The case against the import of GPT-3

From an email from Agustin Lebron, noting that I will impose no further indentation:

“One thing that’s worth noting:

The degree of excitement about GPT-3 as a replacement for human workers, or as a path to AGI, is strongly inversely correlated with:

(a) How close the person is to the actual work. If you look at the tweets from Altman, Sutskever and Brockman, they’re pumping the brakes pretty hard on expectations.
(b) How much the person has actually built ML systems.

It’s a towering achievement to be able to train a system this big.
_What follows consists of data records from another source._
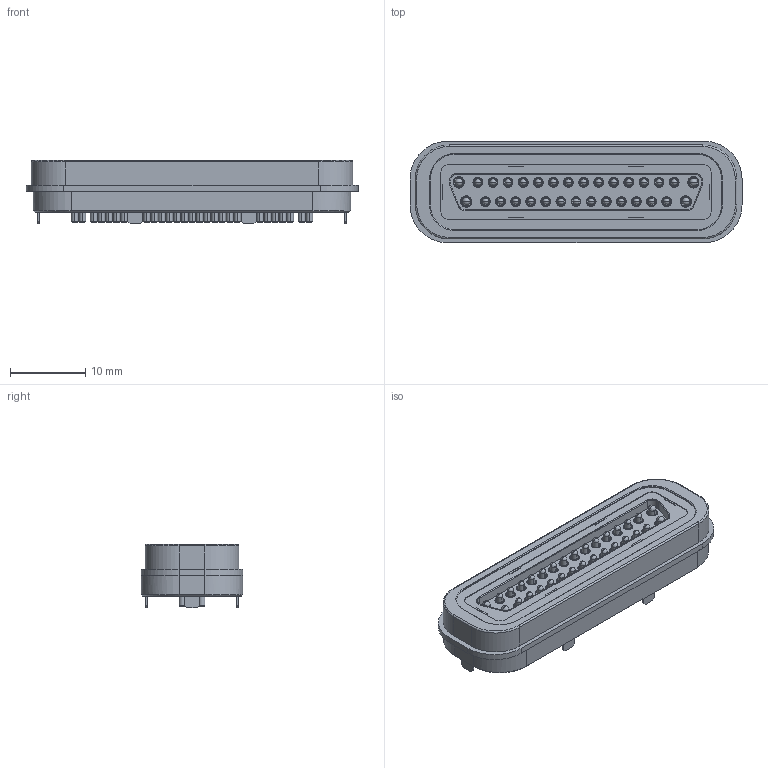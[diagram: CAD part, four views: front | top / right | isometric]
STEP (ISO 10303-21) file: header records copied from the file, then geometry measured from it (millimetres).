
FILE_DESCRIPTION (( 'STEP AP214' ), '1' );
FILE_NAME ('685A3131260111E.STEP', '2023-04-25T17:40:34', ( '' ), ( '' ), 'SwSTEP 2.0', 'SolidWorks 2020', '' );
FILE_SCHEMA (( 'AUTOMOTIVE_DESIGN' ));
Length unit declared in the file: millimetre
Products named in the file (1): 685A3131260111E
Bounding box: 43.98 x 13.44 x 8.35 mm (x, y, z)
Volume: 3102.3 mm3; surface area: 4778.9 mm2
Topology: 8 solids, 8 shells, 978 faces, 2274 edges, 1405 vertices
Faces by surface type: cylinder 386, plane 358, torus 88, cone 78, sphere 62, bspline 6
Entity records: 45315 total; most frequent: CARTESIAN_POINT 16863, ORIENTED_EDGE 4362, EDGE_CURVE 2181, DIRECTION 2110, B_SPLINE_CURVE_WITH_KNOTS 2039, VERTEX_POINT 1374, EDGE_LOOP 1143, AXIS2_PLACEMENT_3D 995

But to me it’s clearly a dead-end on the way to AGI:

– The architecture itself is 3 years old: https://arxiv.org/abs/1706.03762. It is not an exaggeration to say that GPT-3’s architecture can be described as “take that 2017 paper and make 3 numbers (width, # layers, # heads) much bigger”. The fact that there hasn’t been any improvement in architecture in 3 years is quite telling.

– In the paper itself, the authors clearly say they’re quite near fundamental limits in being able to train an architecture like this. GPT-3 isn’t a starting point, it’s an end-point.

– If you look at more sober assessments (http://lacker.io/ai/2020/07/06/giving-gpt-3-a-turing-test.html, https://minimaxir.com/2020/07/gpt3-expectations/), without the tweet selection bias, it starts to look less impressive.

– Within my fairly heterogeneous circle of ML-expert friends, there’s little disagreement about dead-end-ness.

The most interesting thing about GPT-3 is the attention and press that it’s gotten. I’m still not sure what to make of that, but it’s very notable.

Again, it’s incredibly impressive and also piles of fun, but I’m willing to longbet some decent money that we’re not replacing front-end devs with attention-layer-stacks anytime soon.”

I remain bullish, but it is always worth considering other opinions.